El impuesto revolucionario de los conductores

¿Te has sentido intimidado al dejar tu coche en el hueco que te indicaba un aparcacoches ilegal? ¿No te gusta que te acosen en los semáforos? ¿No sabes cómo actuar ante un ‘‘limpiacristales’’? No eres el único.

El impuesto revolucionario de los conductores
El impuesto revolucionario de los conductores
Cuando Rudolf Giuliani llegó a la alcaldía de Nueva York, tenía una única obsesión: acabar con la inseguridad de la Gran Manzana. Sin embargo, no empezó con la detención de narcotraficantes ni se puso a perseguir mafias. Su primer paso fue erradicar a los “limpiacristales" de los semáforos de la ciudad. Sus medidas resultaron tan eficaces que incluso ya han sido bautizadas para la posterioridad como la “política de la ventana rota". Polacos en Roma, jóvenes estudiantes en Amsterdam o punkis en Berlín (los “Windschutzscheibe")... Como podrás observar, no es una actividad realizada sólo por inmigrantes. Rara es la ciudad que no se pelea con sus “limpias". Sin embargo, el frío y la persecución policial han ido barriéndolos de casi todas las urbes europeas. ¿De casi todas? En España, esto no ha ocurrido. Al contrario, su número aumenta cada año. Aun así, pocos saben cómo combatirlos. Para empezar, porque no está nada claro que hagan algo “ilegal". Así nos lo explica Mario Arnaldo, presidente de uno de los clubs de automovilistas más importantes, Automovilistas Europeos Asociados (AEA): “La existencia de los limpias no está regulada. Se vive una situación de alegalidad. Habría que forzar normas de seguridad vial, como la que prohíbe la presencia de personas en la calzada. Pero no son normas pensadas para estos casos", nos explica Arnaldo. De hecho, aunque les pongan una de esas multas, rara vez llegan a pagarlas. En Barcelona, durante el año pasado, se interpusieron más de 3.000 por ocupación indebida de la calzada, pero –a pesar del celo sancionador- los limpias siguen proliferando en los semáforos.

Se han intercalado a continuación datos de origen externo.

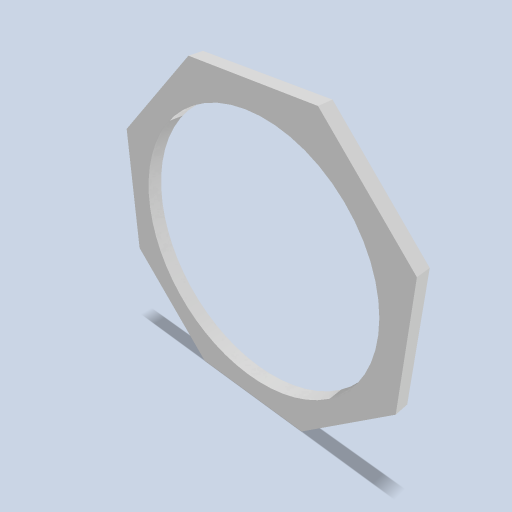
# Autodesk Inventor part: Bracket
Saved by Autodesk Inventor 2023 (Build 270158000, 158)
## iProperties
Created: 2022-10-10
Part Number: Bracket
Material: Generic
Document SubType Name: Modeling
Designer: Nathan
Density: 1 g/cm^3
Appearance: Default
Mass: 625.034 g
Surface Area: 1110.33 cm^2
Volume: 625.034 cm^3
Author: Nathan
Autodesk Inventor part; units mm, degrees
ref_plane "YZ Plane" through (0, 0, 0) normal (1, 0, 0) x (0, 1, 0)
ref_plane "XZ Plane" through (0, 0, 0) normal (0, 1, 0) x (-1, 0, 0)
ref_plane "XY Plane" through (0, 0, 0) normal (0, 0, 1) x (1, 0, 0)
sketch "Sketch1" plane through (0, 0, 0) normal (0, 0, 1) x (1, 0, 0)
  circle A0 centre (190.5, 190.5) radius 161.29
  circle A1 centre (190.5, 190.5) radius 161.29
  line L0 (190.5, 377.5583) -> (190.5, 351.79)
  line L1 (190.5, 3.4417) -> (190.5, 29.21)
  line L2 (0, 269.4113) -> (111.5887, 381)
  line L3 (0, 269.4113) -> (157.8102, 269.4113) construction
  line L4 (0, 111.5878) -> (111.5895, 0)
  line L5 (269.4113, 0) -> (381, 111.5903)
  line L6 (380.9968, 269.4113) -> (269.4113, 381)
  line L7 (0, 0) -> (380.9968, 0)
  line L8 (380.9968, 0) -> (380.9968, 380.9968)
  line L9 (380.9968, 380.9968) -> (0, 380.9968)
  line L10 (0, 380.9968) -> (0, 0)
  point P0 (111.5855, 380.9968)
  point P1 (111.5895, 0)
  point P2 (380.9968, 111.5871)
  point P3 (269.4145, 380.9968)
  dimension "d3" = 322.58
  dimension "d25" = 25.7683
  dimension "d26" = 25.7683
  dimension "d27" = 45
  dimension "d28" = 157.8102
  dimension "d30" = 157.8235
  dimension "d32" = 157.8218
  dimension "d40" = 157.808
  dimension "d42" = 380.9968
  dimension "d43" = 380.9968
  dimension "d44" = 190.5
  dimension "d45" = 190.5
  dimension "d46" = 111.5878
  constraints: 22 end point, 2 centre point, 2 horizontal, 2 parallel, 2 perpendicular, 2 point on circle, 2 vertical, 1 coincident, 1 concentric, 1 equal length
  measures "d3" diameter of A0
  measures "d25" distance of L0.start L0.end
  measures "d26" distance of L1.start L1.end
  measures "d27" angle of L3 L2
  measures "d28" distance of L2.start L2.end
  measures "d30" distance of L4.start L2.start
  measures "d32" distance of L5.start L4.end
  measures "d40" distance of L6.start L6.end
  measures "d42" distance of L8.end L9.end
  measures "d43" distance of L7.end L8.end
  measures "d44" horizontal distance of L7.start A1.centre
  measures "d45" horizontal distance of L7.start A0.centre
  measures "d46" vertical distance of L4.start L4.end
extrude "Extrusion2" add sketch "Sketch1" along normal blind 17.8562 contours L2 L9 L6 L8 L5 L7 L4 L10
body "Solid2"
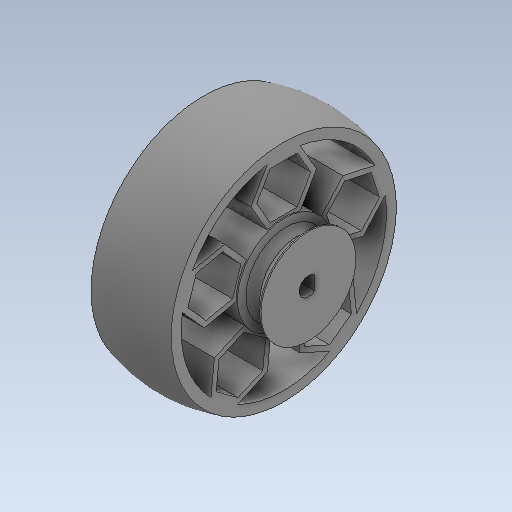
# Autodesk Inventor part: PulleyedWheelV1
Saved by Autodesk Inventor 2020 (Build 240168000, 168)
## iProperties
Created: 2023-12-21
Part Number: PulleyedWheelV1
Material: H TPU
Document SubType Name: Modeling
Designer: smz3rm
Density: 0.941117 g/cm^3
Appearance: Generic(1)
Mass: 7.7724 g
Surface Area: 68.3098 cm^2
Volume: 8.2587 cm^3
d0: 3.000 mm
d1: 1.000 mm
d3: 36.500 mm
d4: 3.000 mm
d6: 15.400 mm
d7: 4.000 mm
d8: 0.00 deg
d9: 36.500 mm
d10: 1.600 mm
d11: 0.800 mm
d16: 13.000 mm
d17: 0.00 deg
d20: 2.000 mm
d24: 1.000 mm
d26: 45.00 deg
Roundedness: 1.000 mm
BaseThickness: 3.000 mm
TopThickness: 1.778 mm
SideThickness: 4.000 mm
BodyWidth: 130.000 mm
BodyLength: 150.000 mm
BodyHeight: 35.000 mm
DriveMotorHeight: 17.500 mm
WheelDia: 38.500 mm
WheelWidth: 13.000 mm
WheelGrooveWidth: 4.000 mm
WheelGrooveDia: 15.400 mm
WheelSlotWidth: 20.000 mm
WheelPulleyDia: 2.000 mm
WheeGuardlSlotWidth: 20.000 mm
Author: smz3rm
Autodesk Inventor part; units mm, degrees
ref_plane "YZ Plane" through (0, 0, 0) normal (1, 0, 0) x (0, 1, 0)
ref_plane "XZ Plane" through (0, 0, 0) normal (0, 1, 0) x (-1, 0, 0)
ref_plane "XY Plane" through (0, 0, 0) normal (0, 0, 1) x (1, 0, 0)
sketch "Sketch1" plane through (0, 0, 0) normal (1, 0, 0) x (0, 1, 0)
  circle A0 centre (0, 0) radius 1.5
  line L0 (-24.15, 0) -> (24.15, 0) projected
  line L1 (1.118, -1) -> (-1.118, -1)
  circle A1 centre (0, 0) radius 7.7
  circle A2 centre (0, 0) radius 18.25
  circle A3 centre (0, 0) radius 15.25
  dimension "d0" = 3
  dimension "d1" = 1
  dimension "d3" = 36.5
  dimension "d4" = 3
  dimension "d6" = 15.4
  constraints: 4 centre point, 4 coincident, 2 end point, 2 point on circle, 1 horizontal
  measures "d0" diameter of A0
  measures "d1" distance between parallel lines of L0 L1
  measures "d3" diameter of A2
  measures "d4" radial gap between concentric circles of A2 A3
  measures "d6" diameter of A1
extrude "Extrusion1" add sketch "Sketch1" along normal blind 4 contours L1 A0 | A0 L0 A1 | L0 A1 A0
sketch "Sketch3" plane through (0, 0, 0) normal (0, 0, 1) x (1, 0, 0)
  line L0 (0, 7.7) -> (4, 7.7) projected
  line L1 (-0.8, 0) -> (4.8, 0) projected
  circle A0 centre (1.3858, 6.7) radius 1
  line L2 (0.4001, 6.5312) -> (0.2, 7.7)
  line L3 (0, 7.7) -> (4, 7.7) projected
  line L4 (0, 10) -> (4, 10) projected
  line L5 (0, 7.7) -> (4, 7.7) projected
  line L6 (3.8, 7.7) -> (2.0929, 5.9929)
  line L7 (3.8, 7.7) -> (3.8, 7.7)
  line L8 (3.8, 7.7) -> (4, 7.7)
  line L9 (4, -7.7) -> (4, 7.7) projected
  line L10 (4, 7.7) -> (4, 7.7)
  line L11 (0, -7.7) -> (0, 7.7) projected
  line L12 (0.2, 7.7) -> (0, 7.7)
  point P0 (0, 0)
  point P1 (1.3858, 7.7)
  point P2 (3.8, 7.7)
  dimension "d20" = 2
  dimension "d26" = 45
  dimension "d28" = 0.2
  constraints: 12 end point, 3 perpendicular, 3 tangent, 2 collinear, 2 point on circle, 2 point on line, 1 centre point, 1 vertical, 3 other
  measures "d20" diameter of A0
  measures "d26" angle of L0 L6
  measures "d28" distance of L0.end L6.start
revolve "Revolution1" cut sketch "Sketch3" angle 360 about axis through (-10, 0, 0) along (-1, 0, 0) contours L0 A0 L2 | L0 L6 A0 | A0
sketch "Sketch2" plane through (0, 0, 0) normal (-1, 0, 0) x (0, 0, 1)
  circle A0 centre (0, 0) radius 18.25
  circle A1 centre (0, 0) radius 16.65
  circle A2 centre (0, 0) radius 7.7 projected
  line L0 (-1, 1.118) -> (-1, -1.118) projected
  arc A3 (-1, -1.118) -> (-1, 1.118) centre (0, 0) ccw projected
  line L1 (2.6587, 16.4364) -> (5.3173, 11.8314)
  line L2 (5.3173, 11.8314) -> (2.6587, 7.2264)
  line L3 (2.6587, 7.2264) -> (-2.6587, 7.2264)
  line L4 (-2.6587, 7.2264) -> (-5.3173, 11.8314)
  line L5 (-5.3173, 11.8314) -> (-2.6587, 16.4364)
  line L6 (-2.6587, 16.4364) -> (2.6587, 16.4364)
  line L7 (0, -24.15) -> (0, 24.15) projected
  line L8 (-2.1968, 15.6364) -> (-4.3936, 11.8314)
  line L9 (-4.3936, 11.8314) -> (-2.1968, 8.0264)
  line L10 (-2.1968, 8.0264) -> (2.1968, 8.0264)
  line L11 (2.1968, 8.0264) -> (4.3936, 11.8314)
  line L12 (4.3936, 11.8314) -> (2.1968, 15.6364)
  line L13 (2.1968, 15.6364) -> (-2.1968, 15.6364)
  line L14 (-14.8103, 7.6077) -> (-9.6092, 8.7132)
  line L15 (-16.4535, 2.5506) -> (-14.8103, 7.6077)
  line L16 (-12.8955, -1.401) -> (-16.4535, 2.5506)
  line L17 (-7.6943, -0.2955) -> (-12.8955, -1.401)
  line L18 (-12.61, -0.5224) -> (-8.3124, 0.391)
  line L19 (-8.3124, 0.391) -> (-6.9548, 4.5696)
  line L20 (-6.9548, 4.5696) -> (-9.8946, 7.8347)
  line L21 (-9.6092, 8.7132) -> (-6.0512, 4.7616)
  line L22 (-6.0512, 4.7616) -> (-7.6943, -0.2955)
  line L23 (-9.8946, 7.8347) -> (-14.1922, 6.9212)
  line L24 (-14.1922, 6.9212) -> (-15.5499, 2.7426)
  line L25 (-15.5499, 2.7426) -> (-12.61, -0.5224)
  line L26 (-11.812, -11.7346) -> (-11.2561, -6.4463)
  line L27 (-7.5101, -14.86) -> (-11.812, -11.7346)
  line L28 (-2.6525, -12.6973) -> (-7.5101, -14.86)
  line L29 (-2.0967, -7.409) -> (-2.6525, -12.6973)
  line L30 (-3.3998, -12.1543) -> (-2.9406, -7.7848)
  line L31 (-2.9406, -7.7848) -> (-6.4951, -5.2023)
  line L32 (-6.4951, -5.2023) -> (-10.5088, -6.9893)
  line L33 (-11.2561, -6.4463) -> (-6.3985, -4.2836)
  line L34 (-6.3985, -4.2836) -> (-2.0967, -7.409)
  line L35 (-10.5088, -6.9893) -> (-10.9681, -11.3588)
  line L36 (-10.9681, -11.3588) -> (-7.4136, -13.9413)
  line L37 (-7.4136, -13.9413) -> (-3.3998, -12.1543)
  line L38 (7.5101, -14.86) -> (2.6525, -12.6973)
  line L39 (11.812, -11.7346) -> (7.5101, -14.86)
  line L40 (11.2561, -6.4463) -> (11.812, -11.7346)
  line L41 (6.3985, -4.2836) -> (11.2561, -6.4463)
  line L42 (10.5088, -6.9893) -> (6.4951, -5.2023)
  line L43 (6.4951, -5.2023) -> (2.9406, -7.7848)
  line L44 (2.9406, -7.7848) -> (3.3998, -12.1543)
  line L45 (2.6525, -12.6973) -> (2.0967, -7.409)
  line L46 (2.0967, -7.409) -> (6.3985, -4.2836)
  line L47 (3.3998, -12.1543) -> (7.4136, -13.9413)
  line L48 (7.4136, -13.9413) -> (10.9681, -11.3588)
  line L49 (10.9681, -11.3588) -> (10.5088, -6.9893)
  line L50 (16.4535, 2.5506) -> (12.8955, -1.401)
  line L51 (14.8103, 7.6077) -> (16.4535, 2.5506)
  line L52 (9.6092, 8.7132) -> (14.8103, 7.6077)
  line L53 (6.0512, 4.7616) -> (9.6092, 8.7132)
  line L54 (9.8946, 7.8347) -> (6.9548, 4.5696)
  line L55 (6.9548, 4.5696) -> (8.3124, 0.391)
  line L56 (8.3124, 0.391) -> (12.61, -0.5224)
  line L57 (12.8955, -1.401) -> (7.6943, -0.2955)
  line L58 (7.6943, -0.2955) -> (6.0512, 4.7616)
  line L59 (12.61, -0.5224) -> (15.5499, 2.7426)
  line L60 (15.5499, 2.7426) -> (14.1922, 6.9212)
  line L61 (14.1922, 6.9212) -> (9.8946, 7.8347)
  point P0 (0, 11.8314)
  point P1 (2.6587, 7.2264)
  point P2 (-14.8103, 7.6077)
  point P3 (-6.0512, 4.7616)
  point P4 (-16.4535, 2.5506)
  point P5 (-7.6943, -0.2955)
  point P6 (-6.3985, -4.2836)
  point P7 (-11.812, -11.7346)
  point P8 (-7.5101, -14.86)
  point P9 (-2.0967, -7.409)
  point P10 (2.0967, -7.409)
  point P11 (7.5101, -14.86)
  point P12 (11.812, -11.7346)
  point P13 (6.3985, -4.2836)
  point P14 (7.6943, -0.2955)
  point P15 (16.4535, 2.5506)
  point P16 (14.8103, 7.6077)
  point P17 (6.0512, 4.7616)
  dimension "d9" = 36.5
  dimension "d10" = 1.6
  dimension "d11" = 0.8
  dimension "d31" = 360
  constraints: 120 end point, 2 centre point, 2 coincident, 2 point on circle, 1 point on line, 141 other
  measures "d9" diameter of A0
  measures "d10" radial gap between concentric circles of A0 A1
  measures "d11" distance between parallel lines of L5 L8
extrude "Extrusion2" add sketch "Sketch2" along normal blind 13 contours A0 L7 A1 | L7 A1 A0 | L7 L6 A1 | A1 L6 L7 | L1 L2 A2 L7 L10 L11 L12 L13 L6 | L6 L7 L13 L8 L9 L10 A2 L4 L5 | A1 L27 | L27 L26 L33 A2 L29 L28 | L39 A1 | L38 L45 A2 L41 L40 L39 | L7 A3 L3 A2 L58 L46 | A2 L34 L22 L3 L7 A3 L0 | A1 L51 | L51 L50 L57 A2 L53 L52 | L15 A1 | L14 L21 A2 L17 L16 L15 | A2 L34 | L46 A2 | L7 A3 | A3 L0 L7 | L3 L7 A2 | A2 L7 L3 | A2 L58 | L22 A2
sketch "Sketch4" plane through (0, 0, 0) normal (0, 0, 1) x (1, 0, 0)
  line L0 (0, 18.25) -> (-13, 18.25) projected
  line L1 (-13, 18.25) -> (-13, -18.25) projected
  arc A0 (0, 18.25) -> (-13, 18.25) centre (-6.5, -2.375) ccw
  line L2 (-15.6, 0) -> (2.6, 0) projected
  point P0 (0, 0)
  point P1 (-6.5, 19.25)
  dimension "d24" = 1
  constraints: 3 point on circle, 1 centre point
  measures "d24" distance from line of L0 point (-6.5, 19.25)
revolve "Revolution2" add sketch "Sketch4" angle 360 about axis through (-10, 0, 0) along (1, 0, 0)
equation "\"d6\" = WheelGrooveDia"
equation "\"d7\" = WheelGrooveWidth"
equation "\"d20\" = WheelPulleyDia"
equation "\"d9\" = WheelDia - 2 * Roundedness"
equation "\"d16\" = WheelWidth"
equation "\"d24\" = Roundedness"
equation "\"Roundedness\" = 1"
equation "\"WheelGrooveDia\" = 15.4"
equation "\"WheelGrooveWidth\" = 4"
equation "\"WheelPulleyDia\" = 2"
equation "\"WheelDia\" = 38.5"
equation "\"WheelWidth\" = 13"
body "Solid1"
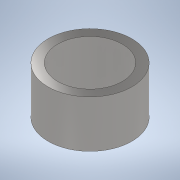
# Autodesk Inventor part: МПСТ Распорная втулка промежуточного вала
Saved by Autodesk Inventor 2022.1 (Build 261234020, 234B)
## iProperties
Created: 2021-12-16
Part Number: МПСТ Распорная втулка промежуточного вала
Material: Сталь, углеродистая
Document SubType Name: Modeling
Designer: Алексанян Г.
Density: 7.85 g/cm^3
Appearance: С умеренной полировкой
Author: Алексанян Г.
Autodesk Inventor part; units mm, degrees
ref_plane "YZ Plane" through (0, 0, 0) normal (1, 0, 0) x (0, 1, 0)
ref_plane "XZ Plane" through (0, 0, 0) normal (0, 1, 0) x (-1, 0, 0)
ref_plane "XY Plane" through (0, 0, 0) normal (0, 0, 1) x (1, 0, 0)
sketch "Эскиз1" plane through (0, 0, 0) normal (0, 0, 1) x (1, 0, 0)
  line L0 (0, 28.9289) -> (0, -27.0571)
  line L1 (-55, 31) -> (-42.5, 31)
  line L2 (-42.5, 31) -> (-42.5, -31)
  line L3 (-42.5, -31) -> (-55, -31)
  line L4 (-55, -31) -> (-55, 31)
  line L5 (-55, 31) -> (-42.5, -31) construction
  line L6 (-42.5, 31) -> (-55, -31) construction
  point P0 (0, 0)
  point P1 (-48.75, 0)
  point P2 (-48.75, 0)
  dimension "d0" = 85
  dimension "d1" = 62
  dimension "d2" = 110
  constraints: 14 end point, 3 midpoint, 2 parallel, 1 horizontal, 1 horizontal alignment, 1 perpendicular, 1 point on line, 1 vertical
  measures "d0" diameter of L2 L0
  measures "d1" distance of L3.end L1.start
  measures "d2" diameter of L4 L0
revolve "Вращение1" add sketch "Эскиз1" angle 360 about axis through (0, 28.9289, 0) along (0, -1, 0)

Según reconocen los máximos responsables de nuestra seguridad (el Ministerio del Interior), poco se puede hacer contra los “limpias". Aseguran que los conductores no tienen que “entregar contraprestación o cantidad monetaria alguna a cambio del ‘servicio’ prestado, pero la inquietud o el temor de que se puedan tomar ‘represalias’ contra el vehículo o contra la propia persona induce, de alguna manera, a acceder a lo solicitado".
¿Cómo actuar? Si hacemos caso a sus palabras, poco se puede lograr: “La mera expectativa de que tales ‘represalias’ vayan a tener lugar no justifica, en principio, intervención alguna de las Fuerzas y Cuerpos de Seguridad, salvo que tales actuaciones se lleven a cabo mediante amenazas o coacciones, en cuyo caso, lógicamente, el afectado puede requerir la intervención policial", explican desde el Ministerio del Interior.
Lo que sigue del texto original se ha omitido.